The character Hector Escaton thirty years later in Westworld Season 4

Courtesy of subjects

“There’s a lot of self-reference in the show,” he adds. “The show is very methodical that way.”

While creating multiple Aaron Paul look-a-likes for season four may have been one of the more difficult tasks presented to the makeup effects team in the HBO show’s latest season, they were also part of the effort to deliver on Hale’s new drones. They’re a design inspired by a painting provided to the team by showrunner Lisa Joy, the lily flower and high-end car tech.

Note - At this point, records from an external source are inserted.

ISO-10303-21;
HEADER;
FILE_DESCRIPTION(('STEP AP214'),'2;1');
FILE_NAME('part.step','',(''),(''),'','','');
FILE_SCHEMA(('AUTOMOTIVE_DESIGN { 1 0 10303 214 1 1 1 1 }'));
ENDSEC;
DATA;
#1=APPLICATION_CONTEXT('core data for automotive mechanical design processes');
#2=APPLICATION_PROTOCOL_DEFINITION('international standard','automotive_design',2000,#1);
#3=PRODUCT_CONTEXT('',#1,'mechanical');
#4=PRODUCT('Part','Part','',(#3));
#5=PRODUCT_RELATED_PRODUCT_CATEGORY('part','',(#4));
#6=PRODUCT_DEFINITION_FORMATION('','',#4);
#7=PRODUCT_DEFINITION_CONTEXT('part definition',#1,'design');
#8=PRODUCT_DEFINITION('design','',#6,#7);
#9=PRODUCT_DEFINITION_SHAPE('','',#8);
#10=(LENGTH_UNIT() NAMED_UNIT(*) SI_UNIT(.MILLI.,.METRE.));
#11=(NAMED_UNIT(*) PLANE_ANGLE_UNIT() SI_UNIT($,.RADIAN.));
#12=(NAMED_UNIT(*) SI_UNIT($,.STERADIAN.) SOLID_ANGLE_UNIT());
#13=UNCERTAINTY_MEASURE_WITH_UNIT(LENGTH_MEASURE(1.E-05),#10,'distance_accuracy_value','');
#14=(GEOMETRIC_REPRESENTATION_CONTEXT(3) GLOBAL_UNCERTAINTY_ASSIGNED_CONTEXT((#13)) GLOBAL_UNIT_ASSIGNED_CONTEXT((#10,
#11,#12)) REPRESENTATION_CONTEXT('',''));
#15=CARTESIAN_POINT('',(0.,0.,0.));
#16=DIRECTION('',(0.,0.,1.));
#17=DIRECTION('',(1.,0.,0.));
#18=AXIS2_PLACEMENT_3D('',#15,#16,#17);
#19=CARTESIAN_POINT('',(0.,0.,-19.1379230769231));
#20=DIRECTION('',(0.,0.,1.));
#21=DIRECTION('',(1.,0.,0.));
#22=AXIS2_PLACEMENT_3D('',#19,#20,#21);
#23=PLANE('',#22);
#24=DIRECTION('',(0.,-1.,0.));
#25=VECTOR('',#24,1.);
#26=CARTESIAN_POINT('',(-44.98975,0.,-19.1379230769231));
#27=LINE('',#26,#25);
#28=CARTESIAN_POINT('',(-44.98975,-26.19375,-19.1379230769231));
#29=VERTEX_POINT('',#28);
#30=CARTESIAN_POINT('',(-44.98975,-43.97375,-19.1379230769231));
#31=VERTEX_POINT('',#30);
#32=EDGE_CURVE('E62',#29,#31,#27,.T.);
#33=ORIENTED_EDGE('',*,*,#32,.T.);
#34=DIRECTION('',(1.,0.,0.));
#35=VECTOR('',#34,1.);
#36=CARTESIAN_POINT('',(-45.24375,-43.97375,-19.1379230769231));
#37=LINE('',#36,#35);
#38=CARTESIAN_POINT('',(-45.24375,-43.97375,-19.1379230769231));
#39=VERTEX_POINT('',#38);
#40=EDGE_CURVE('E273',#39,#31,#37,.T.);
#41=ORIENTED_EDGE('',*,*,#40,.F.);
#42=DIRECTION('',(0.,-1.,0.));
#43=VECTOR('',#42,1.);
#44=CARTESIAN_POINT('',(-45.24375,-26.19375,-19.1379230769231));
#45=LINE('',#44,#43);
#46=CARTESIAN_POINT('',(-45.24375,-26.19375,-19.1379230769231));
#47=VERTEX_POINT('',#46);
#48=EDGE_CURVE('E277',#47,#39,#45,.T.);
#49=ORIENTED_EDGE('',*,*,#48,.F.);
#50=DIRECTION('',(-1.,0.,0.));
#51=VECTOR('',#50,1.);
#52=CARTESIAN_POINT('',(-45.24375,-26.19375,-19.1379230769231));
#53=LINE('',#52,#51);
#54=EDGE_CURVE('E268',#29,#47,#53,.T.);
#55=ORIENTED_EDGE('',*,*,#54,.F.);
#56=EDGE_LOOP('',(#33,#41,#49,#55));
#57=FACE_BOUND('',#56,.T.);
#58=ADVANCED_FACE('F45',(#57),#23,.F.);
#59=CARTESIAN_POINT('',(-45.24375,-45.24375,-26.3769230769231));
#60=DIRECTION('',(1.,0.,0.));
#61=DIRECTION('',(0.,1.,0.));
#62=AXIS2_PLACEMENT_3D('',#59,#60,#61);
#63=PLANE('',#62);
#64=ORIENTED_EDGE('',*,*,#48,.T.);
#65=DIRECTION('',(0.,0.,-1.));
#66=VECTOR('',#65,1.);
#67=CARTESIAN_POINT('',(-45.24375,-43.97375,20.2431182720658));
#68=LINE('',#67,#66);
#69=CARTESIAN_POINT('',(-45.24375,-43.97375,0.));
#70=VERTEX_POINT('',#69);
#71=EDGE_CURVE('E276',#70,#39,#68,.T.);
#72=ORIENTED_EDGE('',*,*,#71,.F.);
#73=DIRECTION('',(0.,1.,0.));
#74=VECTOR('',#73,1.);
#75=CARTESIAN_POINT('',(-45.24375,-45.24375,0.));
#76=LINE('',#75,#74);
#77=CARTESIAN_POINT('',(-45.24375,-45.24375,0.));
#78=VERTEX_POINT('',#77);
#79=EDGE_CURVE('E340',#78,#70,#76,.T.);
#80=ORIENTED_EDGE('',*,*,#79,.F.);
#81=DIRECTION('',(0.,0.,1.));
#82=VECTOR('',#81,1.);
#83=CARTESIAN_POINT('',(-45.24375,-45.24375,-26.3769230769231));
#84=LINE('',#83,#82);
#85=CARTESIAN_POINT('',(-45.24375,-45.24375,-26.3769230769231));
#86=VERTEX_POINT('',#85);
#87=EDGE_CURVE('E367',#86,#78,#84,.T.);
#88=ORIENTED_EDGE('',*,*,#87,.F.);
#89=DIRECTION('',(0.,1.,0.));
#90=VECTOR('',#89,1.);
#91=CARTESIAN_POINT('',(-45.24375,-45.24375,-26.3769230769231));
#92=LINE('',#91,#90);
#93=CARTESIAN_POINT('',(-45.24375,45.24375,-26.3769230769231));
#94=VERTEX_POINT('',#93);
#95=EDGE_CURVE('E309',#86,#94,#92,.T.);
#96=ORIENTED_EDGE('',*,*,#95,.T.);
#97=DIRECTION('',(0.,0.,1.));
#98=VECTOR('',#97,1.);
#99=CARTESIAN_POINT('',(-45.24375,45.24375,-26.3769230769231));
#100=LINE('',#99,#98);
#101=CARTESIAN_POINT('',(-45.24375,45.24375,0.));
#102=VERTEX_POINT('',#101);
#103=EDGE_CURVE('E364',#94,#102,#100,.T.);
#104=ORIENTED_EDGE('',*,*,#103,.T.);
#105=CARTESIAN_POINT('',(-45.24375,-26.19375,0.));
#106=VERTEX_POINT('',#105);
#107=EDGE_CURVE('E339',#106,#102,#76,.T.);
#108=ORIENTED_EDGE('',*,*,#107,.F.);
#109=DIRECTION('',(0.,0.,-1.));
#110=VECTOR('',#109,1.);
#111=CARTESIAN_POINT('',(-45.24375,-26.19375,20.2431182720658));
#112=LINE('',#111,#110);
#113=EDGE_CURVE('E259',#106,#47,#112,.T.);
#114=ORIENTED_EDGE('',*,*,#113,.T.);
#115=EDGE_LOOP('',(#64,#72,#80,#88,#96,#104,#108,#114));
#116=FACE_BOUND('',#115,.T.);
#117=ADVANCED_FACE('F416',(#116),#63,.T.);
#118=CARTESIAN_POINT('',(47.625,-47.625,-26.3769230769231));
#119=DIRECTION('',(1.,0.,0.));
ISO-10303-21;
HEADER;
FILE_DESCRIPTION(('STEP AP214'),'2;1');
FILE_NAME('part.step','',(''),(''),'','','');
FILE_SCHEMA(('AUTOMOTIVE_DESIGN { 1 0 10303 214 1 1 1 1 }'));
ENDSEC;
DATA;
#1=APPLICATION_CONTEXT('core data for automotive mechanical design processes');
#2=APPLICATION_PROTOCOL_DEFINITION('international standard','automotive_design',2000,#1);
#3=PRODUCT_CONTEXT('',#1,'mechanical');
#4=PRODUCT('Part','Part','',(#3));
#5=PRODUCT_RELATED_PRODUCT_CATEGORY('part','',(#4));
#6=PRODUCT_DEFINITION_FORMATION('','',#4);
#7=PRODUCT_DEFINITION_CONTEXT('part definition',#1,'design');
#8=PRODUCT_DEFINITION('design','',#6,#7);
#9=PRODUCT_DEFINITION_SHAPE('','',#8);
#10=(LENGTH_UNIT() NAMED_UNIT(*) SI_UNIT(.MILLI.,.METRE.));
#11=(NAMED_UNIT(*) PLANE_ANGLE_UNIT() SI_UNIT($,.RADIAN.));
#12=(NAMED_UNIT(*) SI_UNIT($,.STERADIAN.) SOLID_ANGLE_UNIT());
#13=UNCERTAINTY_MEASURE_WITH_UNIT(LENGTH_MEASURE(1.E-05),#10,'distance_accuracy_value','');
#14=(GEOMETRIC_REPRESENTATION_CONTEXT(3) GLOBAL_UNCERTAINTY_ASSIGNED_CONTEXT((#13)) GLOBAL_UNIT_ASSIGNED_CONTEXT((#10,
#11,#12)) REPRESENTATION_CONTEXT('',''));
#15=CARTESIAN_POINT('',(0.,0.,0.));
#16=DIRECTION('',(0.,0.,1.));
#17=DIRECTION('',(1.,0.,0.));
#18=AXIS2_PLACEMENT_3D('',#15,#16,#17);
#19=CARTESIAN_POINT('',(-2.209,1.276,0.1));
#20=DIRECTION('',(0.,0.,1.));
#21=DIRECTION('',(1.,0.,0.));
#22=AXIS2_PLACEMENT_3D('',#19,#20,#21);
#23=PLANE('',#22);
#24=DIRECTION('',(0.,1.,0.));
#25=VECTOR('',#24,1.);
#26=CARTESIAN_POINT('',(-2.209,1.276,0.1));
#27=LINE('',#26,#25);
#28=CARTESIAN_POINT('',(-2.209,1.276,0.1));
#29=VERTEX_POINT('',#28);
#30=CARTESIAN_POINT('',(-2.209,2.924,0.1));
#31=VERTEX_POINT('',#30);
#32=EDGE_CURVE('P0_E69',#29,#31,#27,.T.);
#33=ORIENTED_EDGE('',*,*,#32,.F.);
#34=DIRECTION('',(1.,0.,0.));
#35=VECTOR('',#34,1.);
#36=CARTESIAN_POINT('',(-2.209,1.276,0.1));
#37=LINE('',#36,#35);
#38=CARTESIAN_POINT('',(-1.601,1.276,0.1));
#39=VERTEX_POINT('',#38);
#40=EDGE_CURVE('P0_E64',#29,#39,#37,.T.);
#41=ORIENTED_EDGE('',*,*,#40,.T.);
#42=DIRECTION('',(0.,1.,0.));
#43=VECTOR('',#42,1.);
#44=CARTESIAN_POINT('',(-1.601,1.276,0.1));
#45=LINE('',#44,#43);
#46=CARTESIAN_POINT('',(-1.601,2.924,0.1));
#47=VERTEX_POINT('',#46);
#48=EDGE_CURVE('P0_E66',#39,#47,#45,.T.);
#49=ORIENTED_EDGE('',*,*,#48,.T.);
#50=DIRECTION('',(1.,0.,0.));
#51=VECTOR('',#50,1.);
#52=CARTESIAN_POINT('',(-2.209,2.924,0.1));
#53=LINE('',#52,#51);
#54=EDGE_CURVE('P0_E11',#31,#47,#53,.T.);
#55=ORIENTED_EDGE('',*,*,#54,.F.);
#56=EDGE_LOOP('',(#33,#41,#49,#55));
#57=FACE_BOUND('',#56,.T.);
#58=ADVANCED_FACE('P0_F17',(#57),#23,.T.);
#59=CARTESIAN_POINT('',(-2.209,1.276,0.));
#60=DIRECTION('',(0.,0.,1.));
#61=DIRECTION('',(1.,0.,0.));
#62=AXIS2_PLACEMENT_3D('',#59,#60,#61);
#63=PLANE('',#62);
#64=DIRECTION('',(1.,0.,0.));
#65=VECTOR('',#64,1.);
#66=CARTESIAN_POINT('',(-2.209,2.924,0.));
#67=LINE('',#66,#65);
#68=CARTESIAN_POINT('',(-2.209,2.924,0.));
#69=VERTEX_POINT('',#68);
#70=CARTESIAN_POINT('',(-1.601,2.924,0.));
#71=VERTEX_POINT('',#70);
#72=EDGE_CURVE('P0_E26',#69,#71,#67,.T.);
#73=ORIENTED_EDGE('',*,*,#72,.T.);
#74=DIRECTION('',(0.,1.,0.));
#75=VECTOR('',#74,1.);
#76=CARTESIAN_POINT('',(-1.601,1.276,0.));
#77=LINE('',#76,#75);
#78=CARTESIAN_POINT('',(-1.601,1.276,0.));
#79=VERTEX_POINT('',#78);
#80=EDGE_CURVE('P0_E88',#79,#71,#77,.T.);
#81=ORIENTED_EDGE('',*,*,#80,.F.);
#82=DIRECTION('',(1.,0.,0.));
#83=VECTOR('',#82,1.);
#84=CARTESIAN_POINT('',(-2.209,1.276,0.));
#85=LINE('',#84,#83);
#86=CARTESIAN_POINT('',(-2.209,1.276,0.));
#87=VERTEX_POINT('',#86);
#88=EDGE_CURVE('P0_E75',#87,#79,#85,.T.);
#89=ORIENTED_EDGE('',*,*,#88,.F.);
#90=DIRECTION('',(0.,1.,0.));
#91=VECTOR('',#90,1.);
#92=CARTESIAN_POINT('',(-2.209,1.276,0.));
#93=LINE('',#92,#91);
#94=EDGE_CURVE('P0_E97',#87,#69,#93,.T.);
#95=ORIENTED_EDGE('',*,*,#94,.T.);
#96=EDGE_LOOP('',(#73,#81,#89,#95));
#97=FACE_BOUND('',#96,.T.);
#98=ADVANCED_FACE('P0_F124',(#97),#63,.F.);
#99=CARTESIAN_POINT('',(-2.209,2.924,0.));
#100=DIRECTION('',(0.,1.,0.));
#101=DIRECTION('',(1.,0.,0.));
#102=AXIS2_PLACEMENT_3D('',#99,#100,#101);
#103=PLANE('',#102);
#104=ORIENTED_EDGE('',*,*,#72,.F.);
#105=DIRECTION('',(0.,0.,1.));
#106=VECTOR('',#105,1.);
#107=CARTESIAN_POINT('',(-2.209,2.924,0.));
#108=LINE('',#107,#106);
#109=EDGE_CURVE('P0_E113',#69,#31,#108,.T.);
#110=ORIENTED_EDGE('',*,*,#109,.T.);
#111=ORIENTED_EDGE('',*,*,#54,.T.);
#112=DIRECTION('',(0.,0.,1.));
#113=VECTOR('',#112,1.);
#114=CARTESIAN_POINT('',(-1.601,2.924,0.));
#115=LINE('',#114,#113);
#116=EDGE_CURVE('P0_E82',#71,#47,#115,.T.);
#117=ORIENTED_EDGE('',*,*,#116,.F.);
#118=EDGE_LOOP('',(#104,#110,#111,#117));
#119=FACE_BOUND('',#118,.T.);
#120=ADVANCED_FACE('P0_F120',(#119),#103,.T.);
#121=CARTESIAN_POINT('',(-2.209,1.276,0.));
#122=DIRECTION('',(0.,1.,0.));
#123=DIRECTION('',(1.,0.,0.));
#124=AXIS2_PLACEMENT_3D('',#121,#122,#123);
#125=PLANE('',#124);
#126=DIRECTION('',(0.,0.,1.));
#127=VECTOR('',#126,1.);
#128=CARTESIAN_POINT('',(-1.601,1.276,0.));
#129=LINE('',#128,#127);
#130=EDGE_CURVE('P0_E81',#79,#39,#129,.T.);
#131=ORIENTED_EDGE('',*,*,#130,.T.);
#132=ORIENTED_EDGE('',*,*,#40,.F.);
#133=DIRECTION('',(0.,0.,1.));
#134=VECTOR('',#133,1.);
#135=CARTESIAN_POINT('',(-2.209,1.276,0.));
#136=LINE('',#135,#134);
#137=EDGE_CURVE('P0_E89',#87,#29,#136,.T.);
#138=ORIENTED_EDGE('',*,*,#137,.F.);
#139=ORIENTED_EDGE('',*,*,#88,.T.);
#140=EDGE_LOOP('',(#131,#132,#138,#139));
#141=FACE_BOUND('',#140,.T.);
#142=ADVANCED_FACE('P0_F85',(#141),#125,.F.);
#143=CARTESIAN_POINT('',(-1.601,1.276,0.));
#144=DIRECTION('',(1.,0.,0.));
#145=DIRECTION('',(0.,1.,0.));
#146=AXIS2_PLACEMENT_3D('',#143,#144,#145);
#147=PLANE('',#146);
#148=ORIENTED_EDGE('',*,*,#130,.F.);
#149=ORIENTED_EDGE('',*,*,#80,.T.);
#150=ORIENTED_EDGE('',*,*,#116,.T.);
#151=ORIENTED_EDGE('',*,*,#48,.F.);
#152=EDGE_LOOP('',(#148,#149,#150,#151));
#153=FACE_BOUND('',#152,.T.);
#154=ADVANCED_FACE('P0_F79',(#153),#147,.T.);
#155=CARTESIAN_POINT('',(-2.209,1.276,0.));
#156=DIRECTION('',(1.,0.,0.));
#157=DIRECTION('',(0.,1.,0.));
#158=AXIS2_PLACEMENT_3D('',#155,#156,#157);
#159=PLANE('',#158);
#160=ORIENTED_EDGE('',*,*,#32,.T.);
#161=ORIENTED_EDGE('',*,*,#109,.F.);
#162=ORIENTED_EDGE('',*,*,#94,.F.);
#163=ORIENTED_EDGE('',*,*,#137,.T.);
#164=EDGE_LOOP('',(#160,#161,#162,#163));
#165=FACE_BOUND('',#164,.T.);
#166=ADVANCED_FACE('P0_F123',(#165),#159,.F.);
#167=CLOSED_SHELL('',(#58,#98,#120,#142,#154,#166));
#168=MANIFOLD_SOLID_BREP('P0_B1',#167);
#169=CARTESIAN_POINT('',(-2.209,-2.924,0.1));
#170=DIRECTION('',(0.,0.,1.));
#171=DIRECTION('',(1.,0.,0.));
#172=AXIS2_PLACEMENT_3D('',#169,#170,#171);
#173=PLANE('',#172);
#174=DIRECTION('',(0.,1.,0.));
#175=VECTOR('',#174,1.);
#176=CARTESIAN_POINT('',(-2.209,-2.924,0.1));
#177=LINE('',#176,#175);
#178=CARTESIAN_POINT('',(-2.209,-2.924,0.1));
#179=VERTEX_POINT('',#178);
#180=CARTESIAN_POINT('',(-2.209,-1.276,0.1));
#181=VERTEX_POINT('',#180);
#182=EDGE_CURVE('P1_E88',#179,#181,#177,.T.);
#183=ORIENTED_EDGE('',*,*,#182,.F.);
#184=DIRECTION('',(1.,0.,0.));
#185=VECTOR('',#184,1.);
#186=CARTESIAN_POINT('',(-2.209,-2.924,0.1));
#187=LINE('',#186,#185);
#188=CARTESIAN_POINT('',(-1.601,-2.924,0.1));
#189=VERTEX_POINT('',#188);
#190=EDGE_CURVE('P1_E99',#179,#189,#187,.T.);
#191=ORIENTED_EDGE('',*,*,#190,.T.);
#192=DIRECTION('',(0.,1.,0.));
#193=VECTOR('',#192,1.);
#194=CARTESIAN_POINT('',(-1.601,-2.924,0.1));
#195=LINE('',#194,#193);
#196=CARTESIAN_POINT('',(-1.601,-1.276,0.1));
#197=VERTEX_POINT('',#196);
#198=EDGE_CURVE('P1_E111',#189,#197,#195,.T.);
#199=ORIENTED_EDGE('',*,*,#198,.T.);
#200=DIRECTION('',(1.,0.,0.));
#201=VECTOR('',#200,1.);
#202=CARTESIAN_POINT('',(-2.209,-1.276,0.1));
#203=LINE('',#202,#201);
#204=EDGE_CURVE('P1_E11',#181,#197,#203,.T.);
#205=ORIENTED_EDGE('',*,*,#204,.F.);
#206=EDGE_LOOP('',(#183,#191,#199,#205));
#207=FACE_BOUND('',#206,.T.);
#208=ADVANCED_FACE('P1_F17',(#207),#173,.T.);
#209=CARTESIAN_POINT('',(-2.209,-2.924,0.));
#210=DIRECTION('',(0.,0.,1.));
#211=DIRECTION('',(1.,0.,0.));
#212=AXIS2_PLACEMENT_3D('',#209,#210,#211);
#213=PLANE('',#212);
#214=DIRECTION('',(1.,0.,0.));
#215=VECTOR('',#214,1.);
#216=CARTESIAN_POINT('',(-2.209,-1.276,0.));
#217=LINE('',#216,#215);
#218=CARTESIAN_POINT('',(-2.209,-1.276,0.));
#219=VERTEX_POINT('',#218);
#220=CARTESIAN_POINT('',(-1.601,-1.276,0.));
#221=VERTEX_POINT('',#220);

“Lisa Joy came to us at one point and said I want an evolved drone and they’re going to be in Hale’s world. We weren’t really originally clear about what they were going to be used for or what they were going to do. But she had a photograph of a painting that she liked that was this elongated figure,” Aspinwall tells THR.

She and Collins took that and began “researching everything from high-end car design to plants and cutting edge 3D printed mechanical limbs” — the kind of stuff, the special makeup effects makeup designer says, that would be a balance of both boundary-pushing tech and organic entities appropriate for Hale’s world.

Tessa Thompson in Westworld Season 4

John Johnson/HBO

“We found our inspiration in this wonderful illustration of a 3D printed image that was based on a Lily,” she adds. “The Lily shape kind of became the head and the body was based on a high-end car design. We took that and morphed that into a really slick-looking body that had the same legs Lisa Joy had in her painting.”

Hale’s vision for a body stretches beyond the idealized conception and respective biological limitations of some human bodies. The result is something that seems to embody practically no differentiation — a rebuke, potentially, of the diversity of human identity — but also embraces different figure types that, looking for it within human society, can at times resemble bodies with disabilities.

“Hale is driving this AI rebellion and hates her mortal, human shell, so she’s creating something called ascension, where you don’t have to have a human body,” Collins says. “You can go to something grander and better and something more efficient for yourself.”

Westworld season four is available to stream on HBO Max.